Bayesian changepoint detection provides an online algorithm for identifying when the statistical properties of a data stream have changed, modeling how learners detect shifts in their environment.

Bayesian online changepoint detection (BOCPD), developed by Adams and MacKay (2007), addresses the problem of detecting when the underlying process generating a stream of observations has changed. In psychology, this models how learners detect environmental volatility — shifts in reward contingencies, changes in category boundaries, or transitions between task contexts.

The Run-Length Framework

Bayesian Changepoint Detection Run length rₜ = number of observations since the last changepoint

P(rₜ|x_{1:t}) ∝ Σ_{r_{t-1}} P(xₜ|rₜ, x_{1:t-1}) · P(rₜ|r_{t-1}) · P(r_{t-1}|x_{1:t-1})
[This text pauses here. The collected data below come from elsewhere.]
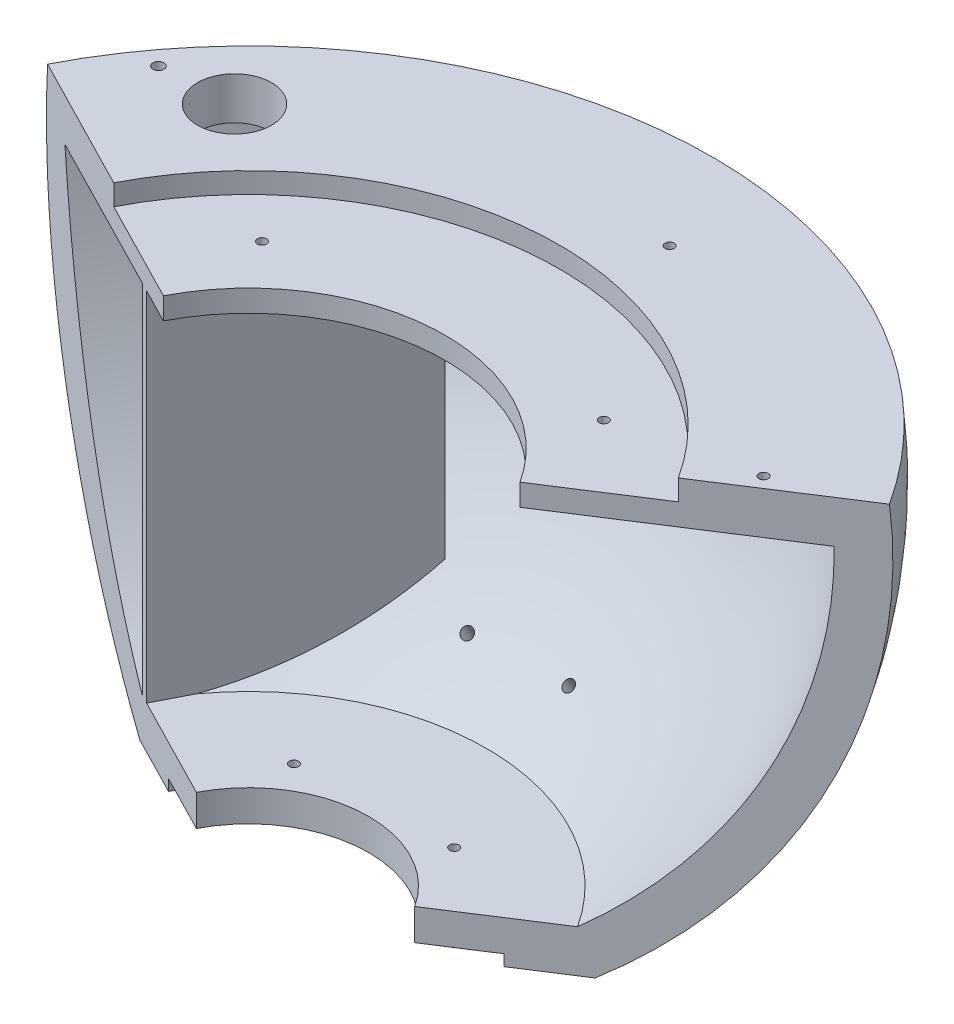
SolidWorks part; units mm, degrees
ref_plane "Plan de face" through (0, 0, 0) normal (0, 0, 1) x (1, 0, 0)
ref_plane "Plan de dessus" through (0, 0, 0) normal (0, 1, 0) x (1, 0, 0)
ref_plane "Plan de droite" through (0, 0, 0) normal (1, 0, 0) x (0, 0, -1)
sketch "Esquisse1" plane through (0, 0, 0) normal (0, 0, 1) x (1, 0, 0)
  line L0 (62.652, -45.2683) -> (117.5387, 212.9533) construction
  line L1 (0.3341, -92.6254) -> (0.3341, 171)
  line L2 (0, -110) -> (0, -296.0954) construction
  line L3 (0.3341, -92.6254) -> (59.3341, -92.6254)
  line L4 (0.3341, -92.6254) -> (0.3341, -77.5539) construction
  line L5 (0, 130.8616) -> (102, 130.8616) construction
  arc A0 (59.3341, -92.6254) -> (109.3586, 11.8616) centre (0, 0) ccw
  arc A1 (102, 130.8616) -> (83, 190.149) centre (0, 130.8616) ccw
  arc A3 (83, 190.149) -> (0.3341, 171) centre (15.1332, 295.1209) cw
  spline S0 degree 3 poles (102, 130.8616) (103.479, 113.6847) (71.2053, 65.5607) (110.7074, 34.2525) (109.3586, 11.8616) knots 0 0 0 0 0.406613 1 1 1 1
  dimension "D1" = 220
  dimension "D2" = 130.8616
  dimension "D3" = 102
  dimension "D8" = 12
  dimension "D9" = 110
  dimension "D12" = 59
  dimension "D13" = 281.0002
  dimension "D14" = 125
  dimension "D15" = 110
  dimension "D4" = 119
  dimension "D5" = 90
  dimension "D6" = 106
  dimension "D7" = 54
  dimension "D10" = 281
  dimension "D11" = 83
  dimension "D16" = 102
  dimension "D17" = 104.4869
revolve "Révolution2" add sketch "Esquisse1" angle 360 about L1
sketch "Esquisse2" plane through (0, 0, 0) normal (0, 1, 0) x (1, 0, 0)
  line L0 (0.3341, 0) -> (-105.6003, 54.3362) construction
  line L1 (0.3341, 0) -> (98.5184, 63.3863) construction
  line L2 (0.3341, 0) -> (6.0228, -114.443) construction
  dimension "D1" = 120
  dimension "D2" = 120
sketch "Esquisse3" plane through (0, 0, 0) normal (0, 1, 0) x (1, 0, 0)
  line L0 (0.3341, 0) -> (-105.6003, 54.3362) construction
  line L1 (0.3341, 0) -> (98.5184, 63.3863) construction
  line L2 (-97.2444, 50.0502) -> (0.3341, 0)
  line L3 (0.3341, 0) -> (92.4682, 59.4804)
  arc A0 (-97.2444, 50.0502) -> (92.4682, 59.4804) centre (0.3341, 0) ccw
  circle A1 centre (0.3341, 0) radius 109.6659 construction
extrude "Enlèv. mat.-Extru.1" cut sketch "Esquisse3" against normal mid plane 410
sketch "Esquisse4" plane through (0, 0, 0) normal (0, 0, 1) x (1, 0, 0)
  line L1 (107.6727, 198.3746) -> (-112, 198.3746)
  line L2 (107.6727, 198.3746) -> (107.6727, 11.3746)
  line L3 (107.6727, 11.3746) -> (-112, 11.3746)
  line L4 (-112, 198.3746) -> (-112, 11.3746)
  line L5 (-52.1629, -92.6254) -> (49.9021, -92.6254) construction
  dimension "D1" = 104
  dimension "D2" = 187
  dimension "D3" = 112
extrude "Enlèv. mat.-Extru.2" cut sketch "Esquisse4" against normal through all
shell "Coque2" thickness 10 removed face at (38.7311, -42.3994, -24.7885) removed face at (-40.3318, -42.3994, -20.8585)
ref_plane "Plan1" through (0, 11.5, 0) normal (0, 1, 0) x (1, 0, 0)
sketch "Esquisse6" plane through (0, 11.5, 0) normal (0, 1, 0) x (1, 0, 0)
  line L0 (0.3341, 0) -> (-105.6003, 54.3362) construction
  line L1 (0.3341, 0) -> (98.5184, 63.3863) construction
  line L2 (-64.7515, 33.3839) -> (0.3341, 0)
  line L3 (0.3341, 0) -> (61.7882, 39.6739)
  arc A0 (-64.7515, 33.3839) -> (61.7882, 39.6739) centre (0.3341, 0) cw
  dimension "D1" = 73.1479
extrude "Enlèv. mat.-Extru.4" cut sketch "Esquisse6" against normal blind 5
sketch "Esquisse7" plane through (0, 11.5, 0) normal (0, 1, 0) x (1, 0, 0)
  line L0 (0.3341, 0) -> (-105.6003, 54.3362) construction
  line L1 (0.3341, 0) -> (98.5184, 63.3863) construction
  line L2 (-40.7749, 21.0857) -> (0.3341, 0)
  line L3 (0.3341, 0) -> (39.1494, 25.0586)
  arc A0 (-40.7749, 21.0857) -> (39.1494, 25.0586) centre (0.3341, 0) cw
  dimension "D1" = 46.2013
extrude "Enlèv. mat.-Extru.5" cut sketch "Esquisse7" against normal blind 25
ref_plane "Plan2" through (0, -92.5, 0) normal (0, 1, 0) x (1, 0, 0)
sketch "Esquisse8" plane through (0, -92.5, 0) normal (0, 1, 0) x (1, 0, 0)
  line L0 (0.3341, 0) -> (98.5184, 63.3863) construction
  line L1 (0.3341, 0) -> (-105.6003, 54.3362) construction
  line L2 (36.8282, 23.56) -> (0.3341, 0)
  line L3 (0.3341, 0) -> (-38.3164, 19.8247)
  arc A0 (36.8282, 23.56) -> (-38.3164, 19.8247) centre (0.3341, 0) ccw
  dimension "D1" = 43.4383
extrude "Enlèv. mat.-Extru.6" cut sketch "Esquisse8" along normal mid plane 5
sketch "Esquisse10" plane through (0, -92.5, 0) normal (0, 1, 0) x (1, 0, 0)
  line L0 (0.3341, 0) -> (98.5184, 63.3863) construction
  line L1 (0.3341, 0) -> (-105.6003, 54.3362) construction
  line L2 (-24.8381, 12.9114) -> (0.3341, 0)
  line L3 (0.3341, 0) -> (24.1019, 15.3441)
  arc A0 (24.1019, 15.3441) -> (-24.8381, 12.9114) centre (0.3341, 0) ccw
  dimension "D1" = 28.2904
extrude "Enlèv. mat.-Extru.10" cut sketch "Esquisse10" along normal blind 15
scale "Echelle1" scale about centroid uniform scaling yes scale factor 1.15
sketch "Esquisse11" plane through (0, 17.974, 0) normal (0, 1, 0) x (1, 0, 0)
  arc A0 (106.2495, 57.3541) -> (-110.7469, 46.5678) centre (0.8651, -10.6805) ccw construction
  point P1 (-104.7658, 56.971)
  point P2 (-52.0649, 103.0429)
  dimension "D1" = 12
  dimension "D2" = 70
sketch3d "Esquisse3D1"
  line L1 (-52.0649, 17.974, -103.0429) -> (-104.7658, 17.974, -56.971)
  line L2 (-52.0649, 17.974, -103.0429) -> (-52.0649, 79.5177, -103.0429)
  line L3 (-52.0649, 79.5177, -103.0429) -> (-104.7658, 79.5177, -56.971)
  line L4 (-104.7658, 17.974, -56.971) -> (-104.7658, 79.5177, -56.971)
ref_plane "Plan4" through (-73.6133, 0, -84.2049) normal (-0.6582, 0, -0.7529) x (-0.7529, 0, 0.6582)
ref_plane "Plan5" through (-78.8787, 0, -90.2279) normal (-0.6582, 0, -0.7529) x (-0.7529, 0, 0.6582)
sketch "Esquisse21" plane through (-4.157, 0, 8.1046) normal (-0.4564, 0, 0.8898) x (0.8898, 0, 0.4564)
  line L0 (-58.7509, -90.126) -> (-26.8898, -90.126) construction
  line L1 (-57.9607, -90.126) -> (-108.9607, -90.126)
  line L2 (-57.9607, -90.126) -> (-57.9607, 6.474)
  line L3 (-57.9607, 6.474) -> (-108.9607, 6.474)
  line L4 (-108.9607, -90.126) -> (-108.9607, 6.474)
  line L5 (-47.4873, 6.474) -> (-108.9607, 6.474) construction
  arc A0 (-108.9607, 6.474) -> (-58.7509, -90.126) centre (6.0284, 4.8932) ccw construction
  dimension "D1" = 51
  dimension "D2" = 96.6
extrude "Boss.-Extru.2" add sketch "Esquisse21" against normal blind 60
sketch "Esquisse22" plane through (-4.157, 0, 8.1046) normal (-0.4564, 0, 0.8898) x (0.8898, 0, 0.4564)
  line L0 (-78.4759, 17.974) -> (-119.7934, 17.974) construction
  line L1 (-62.2058, -101.626) -> (-148.1886, -101.626)
  line L2 (6.0284, 27.594) -> (6.0284, -115.4103) construction
  line L3 (-119.7934, 17.974) -> (-148.1886, 17.974)
  line L4 (-148.1886, -101.626) -> (-148.1886, 17.974)
  arc A0 (-62.2058, -101.626) -> (-108.9607, -47.8302) centre (6.0284, 4.8932) cw
  arc A2 (-77.4797, -90.126) -> (-62.2058, -101.626) centre (6.0284, 4.8932) ccw construction
  arc A3 (-119.7934, 17.974) -> (-108.9607, -47.8302) centre (6.0284, 4.8932) ccw
  arc A4 (-119.7934, 17.974) -> (-108.9607, -47.8302) centre (6.0284, 4.8932) ccw construction
  point P6 (-108.9607, -47.8302)
revolve "Enlèvement de matière-Révolution1" cut sketch "Esquisse22" angle 360 about L2
sketch "Esquisse12" plane through (-78.8787, 0, -90.2279) normal (-0.6582, 0, -0.7529) x (-0.7529, 0, 0.6582)
  line L1 (-3.296, 1.2051) -> (9.704, 1.2051)
  line L2 (-3.296, 1.2051) -> (-3.296, -17.4949)
  line L3 (-3.296, -17.4949) -> (9.704, -17.4949)
  line L4 (9.704, 1.2051) -> (9.704, -17.4949)
  dimension "D1" = 13
  dimension "D2" = 18.7
  dimension "D3" = 3.296
  dimension "D4" = 1.2051
extrude "Enlèv. mat.-Extru.12" cut sketch "Esquisse12" against normal blind 50
sketch "Esquisse13" plane through (-78.8787, 0, -90.2279) normal (-0.6582, 0, -0.7529) x (-0.7529, 0, 0.6582)
  circle A0 centre (2.99, -80.5) radius 2.75
  dimension "D1" = 5.5
  dimension "D2" = 80.5
extrude "Enlèv. mat.-Extru.13" cut sketch "Esquisse13" against normal blind 50
sketch "Esquisse14" plane through (-78.8787, 0, -90.2279) normal (-0.6582, 0, -0.7529) x (-0.7529, 0, 0.6582)
  circle A0 centre (2.99, -80.5) radius 3.25
  dimension "D1" = 6.5
extrude "Enlèv. mat.-Extru.14" cut sketch "Esquisse14" against normal blind 42
sketch "Esquisse15" plane through (-78.8787, 0, -90.2279) normal (-0.6582, 0, -0.7529) x (-0.7529, 0, 0.6582)
  line L1 (-4.2483, 2.2976) -> (10.7517, 2.2976)
  line L2 (-4.2483, 2.2976) -> (-4.2483, -18.7024)
  line L3 (-4.2483, -18.7024) -> (10.7517, -18.7024)
  line L4 (10.7517, 2.2976) -> (10.7517, -18.7024)
  dimension "D1" = 15
  dimension "D2" = 21
  dimension "D3" = 2.2976
  dimension "D4" = 4.2483
extrude "Enlèv. mat.-Extru.15" cut sketch "Esquisse15" against normal blind 6.5
ref_plane "Plan7" through (0.4069, 0, -0.7932) normal (-0.4564, 0, 0.8898) x (0.8898, 0, 0.4564)
ref_plane "Plan8" through (-35.4394, 0, -40.5385) normal (-0.6582, 0, -0.7529) x (-0.7529, 0, 0.6582)
sketch "Esquisse23" plane through (-4.157, 0, 8.1046) normal (-0.4564, 0, 0.8898) x (0.8898, 0, 0.4564)
  line L0 (-60.5449, -74.5019) -> (-60.5449, -90.1574)
  line L1 (-108.9607, 6.474) -> (-60.5449, 6.474)
  line L4 (-60.5449, 6.474) -> (-60.5449, -74.5019)
  line L5 (-60.5449, -90.1574) -> (-60.6003, -90.1574)
  spline S0 degree 3 poles (-108.9607, 6.474) (-103.0847, -29.155) (-88.7059, -66.4238) (-60.6003, -90.1574) knots 0 0 0 0 1 1 1 1
extrude "Enlèv. mat.-Extru.16" cut sketch "Esquisse23" against normal blind 50
sketch "Esquisse24" plane through (0, 17.974, 0) normal (0, 1, 0) x (1, 0, 0)
  line L0 (-73.9834, 27.7109) -> (-110.7469, 46.5678) construction
  line L1 (106.2495, 57.3541) -> (71.5372, 34.9444) construction
  circle A0 centre (-76.1349, 62.5307) radius 10
  arc A1 (106.2495, 57.3541) -> (-110.7469, 46.5678) centre (0.8651, -10.6805) ccw construction
  circle A3 centre (0.5514, -4.3702) radius 101.767 construction
  point P10 (-92.3651, 37.1394)
  point P11 (88.8934, 46.1493)
  dimension "D1" = 20
  dimension "D2" = 30
  dimension "D3" = 77
  dimension "D4" = 62.5307
  dimension "D5" = 76.1349
extrude "Enlèv. mat.-Extru.17" cut sketch "Esquisse24" against normal blind 20
sketch "Esquisse25" plane through (0, -98.6068, 0) normal (0, -1, 0) x (1, 0, 0)
  line L0 (-1.615, -39.212) -> (0.3341, 0) construction
  line L1 (0.3341, 0) -> (6.0228, 114.443) construction
  line L2 (0.8656, 10.692) -> (19.7396, -26.1048) construction
  line L3 (-40.1239, -31.6247) -> (-47.9228, -31.6247) construction
  line L4 (0.8656, 10.692) -> (-21.5644, -24.0517) construction
  circle A0 centre (19.7396, -26.1048) radius 1.25
  circle A2 centre (-21.5644, -24.0517) radius 1.25
  circle A4 centre (-1.1875, -30.612) radius 1.25
  circle A5 centre (0.8656, 10.692) radius 41.355 construction
  arc A6 (-43.5831, -12.118) -> (42.8332, -16.4135) centre (0.8651, 10.6805) ccw construction
  point P1 (-1.615, -39.212)
  dimension "D1" = 8.6
  dimension "D5" = 2.5
  dimension "D3" = 2.5
  dimension "D6" = 30
  dimension "D2" = 82.71
  dimension "D4" = 30
hole_wizard "Trou taraudé M31" positions "Esquisse27" profile "Esquisse26" tap size "M3" standard "Iso"
sketch "Esquisse27" plane through (0, -98.6068, 0) normal (0, -1, 0) x (-1, 0, 0)
  point P0 (21.5644, 24.0517)
  point P5 (-19.7396, 26.1048)
sketch "Esquisse26" plane through (-21.5644, -98.6068, -24.0517) normal (1, 0, 0) x (0, 0, -1)
  line L0 (0, 0) -> (0, 13.2511)
  line L1 (0, 13.2511) -> (1.25, 12.5)
  line L2 (1.25, 12.5) -> (1.25, 0)
  line L5 (1.25, 0) -> (0, 0)
  line L10 (0, 13.2511) -> (-1.25, 12.5) construction
  line L11 (0, -6.35) -> (0, 107.95) construction
  dimension "Diamètre du trou pour taraudage" = 2.5
  dimension "Profondeur du trou pour taraudage" = 12.5
  dimension "Angle de pointe" = 118
cosmetic thread "Filetage de perçage1" parameters "D1"=8.4808, "D2"=3
cosmetic thread "Filetage de perçage3" parameters "D1"=8.4808, "D2"=3
sketch "Esquisse28" plane through (0, 12.3682, 0) normal (0, 1, 0) x (1, 0, 0)
  line L0 (-1.7727, 42.3855) -> (-3.3112, 73.3359) construction
  line L1 (-73.9834, 27.7109) -> (-46.4103, 13.5681) construction
  line L2 (45.5026, 18.1369) -> (71.5372, 34.9444) construction
  line L3 (-45.8023, 39.6351) -> (0.8651, -10.6805) construction
  line L4 (42.3125, 44.0151) -> (0.8651, -10.6805) construction
  circle A0 centre (0.8651, -10.6805) radius 68.6258 construction
  arc A1 (45.5026, 18.1369) -> (-46.4103, 13.5681) centre (0.8651, -10.6805) ccw construction
  circle A3 centre (-45.8023, 39.6351) radius 1.5
  circle A4 centre (-2.542, 57.8607) radius 1.5
  circle A5 centre (42.3125, 44.0151) radius 1.5
  arc A6 (71.5372, 34.9444) -> (-73.9834, 27.7109) centre (0.8651, -10.6805) ccw construction
  point P11 (-2.542, 57.8607)
  point P12 (-60.1968, 20.6395)
  point P13 (58.5199, 26.5406)
  dimension "D1" = 3
  dimension "D2" = 40
  dimension "D3" = 40
hole_wizard "Trou taraudé M32" positions "Esquisse3D2" profile "Esquisse29" tap size "M3" standard "Iso"
sketch3d "Esquisse3D2"
  point P0 (-45.8023, 12.3682, -39.6351)
  point P6 (42.3125, 12.3682, -44.0151)
sketch "Esquisse29" plane through (-45.8023, 12.3682, -39.6351) normal (1, 0, 0) x (0, 0, 1)
  line L0 (0, 0) -> (0, 13.2511)
  line L1 (0, 13.2511) -> (1.25, 12.5)
  line L2 (1.25, 12.5) -> (1.25, 0)
  line L5 (1.25, 0) -> (0, 0)
  line L10 (0, 13.2511) -> (-1.25, 12.5) construction
  line L11 (0, -6.35) -> (0, 107.95) construction
  dimension "Diamètre du trou pour taraudage" = 2.5
  dimension "Profondeur du trou pour taraudage" = 12.5
  dimension "Angle de pointe" = 118
sketch "Esquisse30" [suppressed] plane through (0, 17.974, 0) normal (0, 1, 0) x (1, 0, 0)
  line L0 (-5.3625, 114.6024) -> (-4.1198, 89.6024) construction
  line L1 (-61.759, 67.8063) -> (0.8656, -10.692) construction
  line L2 (0.8656, -10.692) -> (37.5348, 82.7917) construction
  line L3 (-1.615, 39.212) -> (0.3341, 0) construction
  line L4 (-14.1198, 88.6018) -> (0.8656, -10.692) construction
  circle A0 centre (0.8656, -10.692) radius 100.4183 construction
  circle A2 centre (-14.1198, 88.6018) radius 1.5
  circle A3 centre (-61.759, 67.8063) radius 1.5
  circle A4 centre (37.5348, 82.7917) radius 1.5
  arc A6 (106.2495, 57.3541) -> (-110.7469, 46.5678) centre (0.8651, -10.6805) ccw construction
  point P5 (21.7748, 194.3628)
  point P6 (21.7748, 169.3628)
  point P15 (15.5473, 194.239)
  dimension "D2" = 3
  dimension "D1" = 25
  dimension "D3" = 10
  dimension "D4" = 30
  dimension "D5" = 30
hole_wizard "Trou taraudé M33" [suppressed] positions "Esquisse3D3" profile "Esquisse31" tap size "M3" standard "Iso"
sketch3d "Esquisse3D3" [suppressed]
  point P0 (-61.759, 17.974, -67.8063)
  point P6 (37.5348, 17.974, -82.7917)
  point P10 (-14.1198, 17.974, -88.6018)
sketch "Esquisse31" plane through (-61.759, 17.974, -67.8063) normal (1, 0, 0) x (0, 0, 1)
  line L0 (0, 0) -> (0, 13.2511)
  line L1 (0, 13.2511) -> (1.25, 12.5)
  line L2 (1.25, 12.5) -> (1.25, 0)
  line L5 (1.25, 0) -> (0, 0)
  line L10 (0, 13.2511) -> (-1.25, 12.5) construction
  line L11 (0, -6.35) -> (0, 107.95) construction
  dimension "Diamètre du trou pour taraudage" = 2.5
  dimension "Profondeur du trou pour taraudage" = 12.5
  dimension "Angle de pointe" = 118
sketch "Esquisse32" plane through (0, 17.974, 0) normal (0, 1, 0) x (1, 0, 0)
  circle A0 centre (82.6176, 46.9087) radius 1.6936
  circle A1 centre (53.5071, 74.3419) radius 1.7579
  circle A2 centre (15.9739, 88.1715) radius 1.5897
hole_wizard "Trou taraudé M34" positions "Esquisse3D4" profile "Esquisse33" tap size "M3" standard "Iso"
sketch3d "Esquisse3D4"
  point P0 (15.9739, 17.974, -88.1715)
  point P6 (82.6176, 17.974, -46.9087)
sketch "Esquisse33" plane through (15.9739, 17.974, -88.1715) normal (1, 0, 0) x (0, 0, 1)
  line L0 (0, 0) -> (0, 13.2511)
  line L1 (0, 13.2511) -> (1.25, 12.5)
  line L2 (1.25, 12.5) -> (1.25, 0)
  line L5 (1.25, 0) -> (0, 0)
  line L10 (0, 13.2511) -> (-1.25, 12.5) construction
  line L11 (0, -6.35) -> (0, 107.95) construction
  dimension "Diamètre du trou pour taraudage" = 2.5
  dimension "Profondeur du trou pour taraudage" = 12.5
  dimension "Angle de pointe" = 118
ref_plane "Plan9" through (0, 7.974, 0) normal (0, 1, 0) x (1, 0, 0)
sketch "Esquisse34" plane through (0, 7.974, 0) normal (0, 1, 0) x (1, 0, 0)
  line L0 (-73.9834, 27.7109) -> (-110.7469, 46.5678) construction
  circle A0 centre (-95.3017, 61.1231) radius 1.5
  circle A1 centre (0.3341, 0) radius 113.5 construction
  dimension "D3" = 3
  dimension "D2" = 227
  dimension "D1" = 20
extrude "Enlèv. mat.-Extru.18" cut sketch "Esquisse34" against normal mid plane 100
sketch "Esquisse35" plane through (0, 7.974, 0) normal (0, 1, 0) x (1, 0, 0)
  circle A0 centre (-95.3017, 61.1231) radius 4.7
  dimension "D1" = 9.4
extrude "Enlèv. mat.-Extru.19" cut sketch "Esquisse35" against normal blind 100
sketch3d "Esquisse3D5"
  point P0 (8.4606, -94.2857, -76.8932)
  point P1 (-17.4955, -94.196, -75.3858)
  point P2 (7.7426, -94.7745, -75.9943)
  point P4 (9.3143, -93.8555, -77.6986)
  point P5 (7.3595, -93.9616, -77.3882)
  point P6 (-17.4871, -94.8178, -74.3014)
  point P7 (-16.3115, -94.0305, -75.7506)
  point P8 (-18.3294, -93.7101, -76.1802)
ref_plane "Plan10" through (-3.8135, -103.8088, -59.4884) normal (0.0319, 0.8672, 0.497) x (0.9995, -0.0276, -0.0158)
sketch "Esquisse36" plane through (-3.8135, -103.8088, -59.4884) normal (0.0319, 0.8672, 0.497) x (0.9995, -0.0276, -0.0158)
  circle A0 centre (12.2803, 19.8359) radius 1.5
  circle A1 centre (-13.689, 18.5726) radius 1.5
  dimension "D1" = 3
extrude "Enlèv. mat.-Extru.20" cut sketch "Esquisse36" along normal blind 40

Growth: P(rₜ = r_{t-1} + 1) = 1 − H (no changepoint)
Reset: P(rₜ = 0) = H (changepoint occurred)

The algorithm maintains a posterior distribution over the run length — how long since the last change. At each time step, it considers two possibilities: the current segment continues (run length increments) or a changepoint has occurred (run length resets to zero). The hazard rate H is the prior probability of a changepoint at any given time.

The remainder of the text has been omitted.